=== Section Start ===
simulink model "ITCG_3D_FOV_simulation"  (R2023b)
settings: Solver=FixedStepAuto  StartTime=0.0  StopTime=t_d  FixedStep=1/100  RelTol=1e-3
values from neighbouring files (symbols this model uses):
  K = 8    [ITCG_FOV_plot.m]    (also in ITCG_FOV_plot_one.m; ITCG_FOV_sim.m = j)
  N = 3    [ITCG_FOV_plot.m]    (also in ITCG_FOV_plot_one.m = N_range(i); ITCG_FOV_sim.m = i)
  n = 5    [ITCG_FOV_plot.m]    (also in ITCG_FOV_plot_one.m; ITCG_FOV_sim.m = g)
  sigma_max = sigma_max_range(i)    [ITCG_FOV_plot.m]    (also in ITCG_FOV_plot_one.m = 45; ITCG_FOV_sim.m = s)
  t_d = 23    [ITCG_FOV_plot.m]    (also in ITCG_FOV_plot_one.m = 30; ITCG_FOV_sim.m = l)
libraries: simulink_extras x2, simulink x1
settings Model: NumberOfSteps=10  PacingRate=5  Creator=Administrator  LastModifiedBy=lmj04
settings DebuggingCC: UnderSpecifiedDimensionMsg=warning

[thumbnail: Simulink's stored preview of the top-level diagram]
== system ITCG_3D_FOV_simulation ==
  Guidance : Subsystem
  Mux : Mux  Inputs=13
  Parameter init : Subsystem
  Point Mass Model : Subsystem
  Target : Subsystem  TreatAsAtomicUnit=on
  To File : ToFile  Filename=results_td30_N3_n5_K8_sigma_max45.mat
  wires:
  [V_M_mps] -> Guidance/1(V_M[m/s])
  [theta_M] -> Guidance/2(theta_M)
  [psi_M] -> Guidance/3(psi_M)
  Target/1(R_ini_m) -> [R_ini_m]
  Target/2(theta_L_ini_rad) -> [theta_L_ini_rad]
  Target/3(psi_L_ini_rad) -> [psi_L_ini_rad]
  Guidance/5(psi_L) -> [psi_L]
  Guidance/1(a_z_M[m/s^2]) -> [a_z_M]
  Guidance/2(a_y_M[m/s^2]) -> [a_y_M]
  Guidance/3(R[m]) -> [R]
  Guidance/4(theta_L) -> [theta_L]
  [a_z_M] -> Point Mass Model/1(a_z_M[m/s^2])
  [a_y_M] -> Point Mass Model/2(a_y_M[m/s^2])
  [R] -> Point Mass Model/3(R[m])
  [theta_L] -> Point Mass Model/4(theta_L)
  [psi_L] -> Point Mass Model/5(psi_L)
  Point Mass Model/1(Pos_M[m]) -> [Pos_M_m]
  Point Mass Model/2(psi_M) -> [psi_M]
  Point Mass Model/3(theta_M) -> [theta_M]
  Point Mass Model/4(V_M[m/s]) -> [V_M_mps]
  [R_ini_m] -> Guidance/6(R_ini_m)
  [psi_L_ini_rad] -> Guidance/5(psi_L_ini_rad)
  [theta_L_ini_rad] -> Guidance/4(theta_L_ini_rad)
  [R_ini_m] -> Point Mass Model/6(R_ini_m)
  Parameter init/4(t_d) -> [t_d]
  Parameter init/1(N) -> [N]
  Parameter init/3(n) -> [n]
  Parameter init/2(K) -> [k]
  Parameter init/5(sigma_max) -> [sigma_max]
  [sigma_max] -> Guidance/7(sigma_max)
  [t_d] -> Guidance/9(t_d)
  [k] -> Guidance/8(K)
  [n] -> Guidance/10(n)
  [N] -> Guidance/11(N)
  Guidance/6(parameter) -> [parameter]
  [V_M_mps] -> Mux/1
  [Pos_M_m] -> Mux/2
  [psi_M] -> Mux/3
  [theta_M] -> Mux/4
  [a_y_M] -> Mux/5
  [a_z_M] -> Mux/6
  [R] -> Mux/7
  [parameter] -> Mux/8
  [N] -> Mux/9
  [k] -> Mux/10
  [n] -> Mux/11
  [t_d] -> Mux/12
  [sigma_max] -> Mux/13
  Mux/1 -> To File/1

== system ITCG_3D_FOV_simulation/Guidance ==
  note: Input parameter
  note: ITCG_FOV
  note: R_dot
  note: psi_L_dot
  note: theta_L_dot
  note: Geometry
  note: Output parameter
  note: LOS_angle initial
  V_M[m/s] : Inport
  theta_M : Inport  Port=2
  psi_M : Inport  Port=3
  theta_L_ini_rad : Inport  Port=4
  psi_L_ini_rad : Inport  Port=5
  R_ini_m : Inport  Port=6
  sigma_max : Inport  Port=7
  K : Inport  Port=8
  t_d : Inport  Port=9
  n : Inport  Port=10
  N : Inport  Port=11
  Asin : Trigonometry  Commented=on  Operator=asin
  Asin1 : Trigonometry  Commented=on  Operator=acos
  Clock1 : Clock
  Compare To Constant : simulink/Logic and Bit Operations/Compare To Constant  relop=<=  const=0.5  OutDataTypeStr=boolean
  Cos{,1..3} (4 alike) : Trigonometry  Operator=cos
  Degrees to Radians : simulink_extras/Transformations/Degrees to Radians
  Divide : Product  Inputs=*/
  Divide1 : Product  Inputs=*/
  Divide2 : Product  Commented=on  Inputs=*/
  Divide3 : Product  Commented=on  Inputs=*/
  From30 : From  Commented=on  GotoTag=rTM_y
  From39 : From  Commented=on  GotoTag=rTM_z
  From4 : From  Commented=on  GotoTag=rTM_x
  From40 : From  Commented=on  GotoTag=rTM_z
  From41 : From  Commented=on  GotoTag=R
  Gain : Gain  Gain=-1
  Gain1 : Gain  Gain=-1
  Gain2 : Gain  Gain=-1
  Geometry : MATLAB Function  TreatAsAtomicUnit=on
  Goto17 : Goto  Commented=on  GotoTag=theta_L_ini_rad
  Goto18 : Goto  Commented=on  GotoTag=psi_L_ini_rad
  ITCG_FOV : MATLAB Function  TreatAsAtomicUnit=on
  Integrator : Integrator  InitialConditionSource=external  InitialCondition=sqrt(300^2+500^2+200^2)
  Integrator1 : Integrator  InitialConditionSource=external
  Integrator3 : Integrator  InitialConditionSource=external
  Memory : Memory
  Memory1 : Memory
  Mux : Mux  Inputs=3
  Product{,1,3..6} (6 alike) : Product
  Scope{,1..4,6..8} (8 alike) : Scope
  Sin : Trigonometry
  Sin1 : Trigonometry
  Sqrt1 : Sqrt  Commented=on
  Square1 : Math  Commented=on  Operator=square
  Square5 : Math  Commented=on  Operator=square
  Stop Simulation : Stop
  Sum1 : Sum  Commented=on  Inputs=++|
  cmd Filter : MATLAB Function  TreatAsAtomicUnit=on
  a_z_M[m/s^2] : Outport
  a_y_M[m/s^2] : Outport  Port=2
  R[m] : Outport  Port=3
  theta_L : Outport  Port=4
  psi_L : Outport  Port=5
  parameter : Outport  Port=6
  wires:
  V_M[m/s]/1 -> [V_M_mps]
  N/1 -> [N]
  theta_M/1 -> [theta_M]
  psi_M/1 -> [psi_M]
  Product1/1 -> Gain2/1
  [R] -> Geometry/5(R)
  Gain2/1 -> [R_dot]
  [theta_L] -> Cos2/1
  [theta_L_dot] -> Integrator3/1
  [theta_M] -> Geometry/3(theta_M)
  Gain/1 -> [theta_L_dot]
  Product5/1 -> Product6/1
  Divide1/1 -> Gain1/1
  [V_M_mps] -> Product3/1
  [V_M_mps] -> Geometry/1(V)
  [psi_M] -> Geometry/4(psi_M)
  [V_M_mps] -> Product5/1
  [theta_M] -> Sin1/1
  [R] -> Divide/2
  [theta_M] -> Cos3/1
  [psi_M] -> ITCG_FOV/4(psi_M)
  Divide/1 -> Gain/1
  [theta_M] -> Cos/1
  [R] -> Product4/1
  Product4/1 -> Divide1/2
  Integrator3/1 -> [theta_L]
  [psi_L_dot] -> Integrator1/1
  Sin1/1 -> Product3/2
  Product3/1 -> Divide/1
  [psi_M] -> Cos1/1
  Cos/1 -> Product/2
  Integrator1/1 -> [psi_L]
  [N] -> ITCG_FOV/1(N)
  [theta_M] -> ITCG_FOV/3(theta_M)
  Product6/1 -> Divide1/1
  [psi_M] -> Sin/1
=== Section End ===
■ About this exercise
Wherever a line in the records contains the word "MATLAB", copy that line.

■ Solution to the exercise
  Geometry : MATLAB Function  TreatAsAtomicUnit=on
  ITCG_FOV : MATLAB Function  TreatAsAtomicUnit=on
  cmd Filter : MATLAB Function  TreatAsAtomicUnit=on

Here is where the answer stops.